- PROMPT: Wherever the string "VUSB" shows up in the records below, return that line.

- PROVIDED MATERIAL:
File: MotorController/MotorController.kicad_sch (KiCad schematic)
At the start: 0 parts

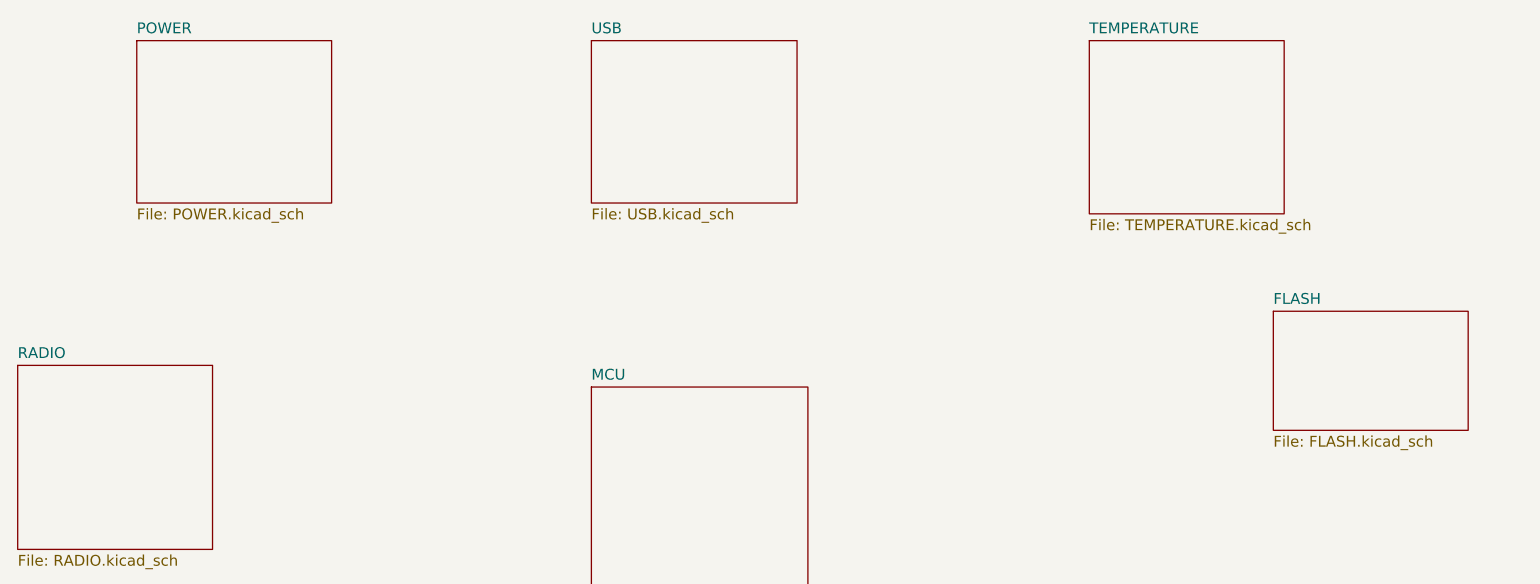
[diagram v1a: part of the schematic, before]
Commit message: Schematic Updates
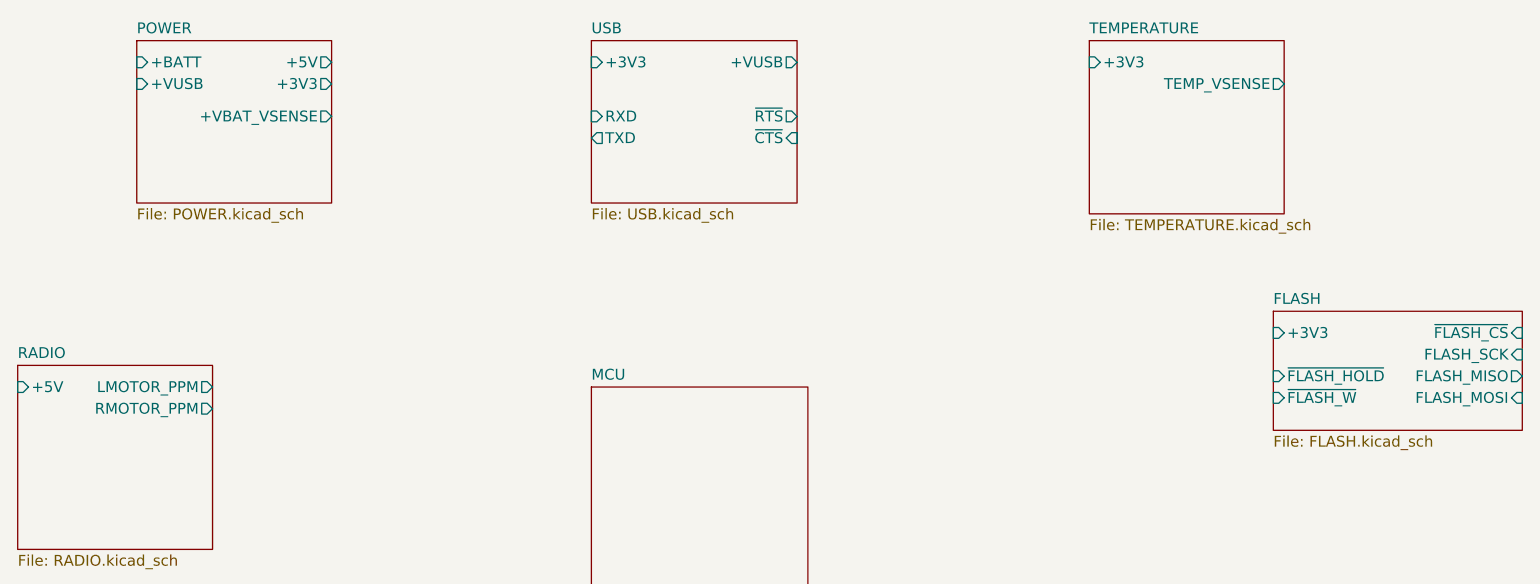
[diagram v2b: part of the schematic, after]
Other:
- sheet FLASH ports: added +3V3, FLASH_MISO, FLASH_MOSI, FLASH_SCK, ~{FLASH_CS}, ~{FLASH_HOLD}, ~{FLASH_W}; removed none
- sheet POWER ports: added +3V3, +5V, +BATT, +VBAT_VSENSE, +VUSB; removed none
- sheet RADIO ports: added +5V, LMOTOR_PPM, RMOTOR_PPM; removed none
- sheet TEMPERATURE ports: added +3V3, TEMP_VSENSE; removed none
- sheet USB ports: added +3V3, +VUSB, RXD, TXD, ~{CTS}, ~{RTS}; removed none

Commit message: Updates
Updates
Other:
- sheet LMOTOR ports: added +3V3, +5V, +BATT, LMOTOR_BACKWARDS, LMOTOR_FORWARD; removed none
- sheet MCU ports: added +3V3, FLASH_MISO, FLASH_MOSI, FLASH_SCK, RXD, TXD, ~{FLASH_CS}; removed none
- sheet RMOTOR ports: added +3V3, +5V, +BATT, RMOTOR_BACKWARDS, RMOTOR_FORWARD; removed none

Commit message: More updates
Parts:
- added J? (x2): Conn_01x02, symbol Connector_Generic:Conn_01x02
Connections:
- net POWER/+BATT: now also J?.1 (Pin_1)
- new net +XT_VBAT: J?.1 (Pin_1)
- new net GND: J?.2 (Pin_2), J?.2 (Pin_2)
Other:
- sheet MCU ports: added +MOTOR_ISENSE, +TEMP_VSENSE, +VBAT_VSENSE, +XT_ISENSE, LMOTOR_BACKWARD, LMOTOR_FORWARD, LMOTOR_PPM, RMOTOR_BACKWARD, RMOTOR_FORWARD, RMOTOR_PPM; removed none
- sheet POWER ports: added +MOTOR_VBAT, +XT_VBAT, MOTOR_ISENSE, XT_ISENSE; removed none
- note added: "CHECK USB TO UART PINS"

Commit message: Updates
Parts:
- added J3: Conn_01x03, Connector_PinHeader_2.54mm:PinHeader_1x03_P2.54mm_Vertical, symbol Connector_Generic:Conn_01x03
- J1, J2: renamed from J?; footprint (none) -> Connector_PinHeader_2.54mm:PinHeader_1x02_P2.54mm_Vertical
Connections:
- net GND: now also J3.3 (Pin_3)
- new net MCU/SWCLK: J3.1 (Pin_1)
- new net MCU/SWDIO: J3.2 (Pin_2)
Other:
- sheet MCU ports: added SWCLK, SWDIO; removed none
- note removed: "CHECK USB TO UART PINS"

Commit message: So many updates
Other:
- sheet MCU ports: added +LMOTOR_ISENSE, +LTEMP_VSENSE, +RMOTOR_ISENSE, +RTEMP_VSENSE; removed +MOTOR_ISENSE, +TEMP_VSENSE
- sheet POWER ports: added +LMOTOR_VBAT, +RMOTOR_VBAT, LMOTOR_ISENSE, RMOTOR_ISENSE; removed +MOTOR_VBAT, MOTOR_ISENSE
- sheet TEMPERATURE ports: added LTEMP_VSENSE, RTEMP_VSENSE; removed TEMP_VSENSE

- REPLY:
- sheet POWER ports: added +3V3, +5V, +BATT, +VBAT_VSENSE, +VUSB; removed none
- sheet USB ports: added +3V3, +VUSB, RXD, TXD, ~{CTS}, ~{RTS}; removed none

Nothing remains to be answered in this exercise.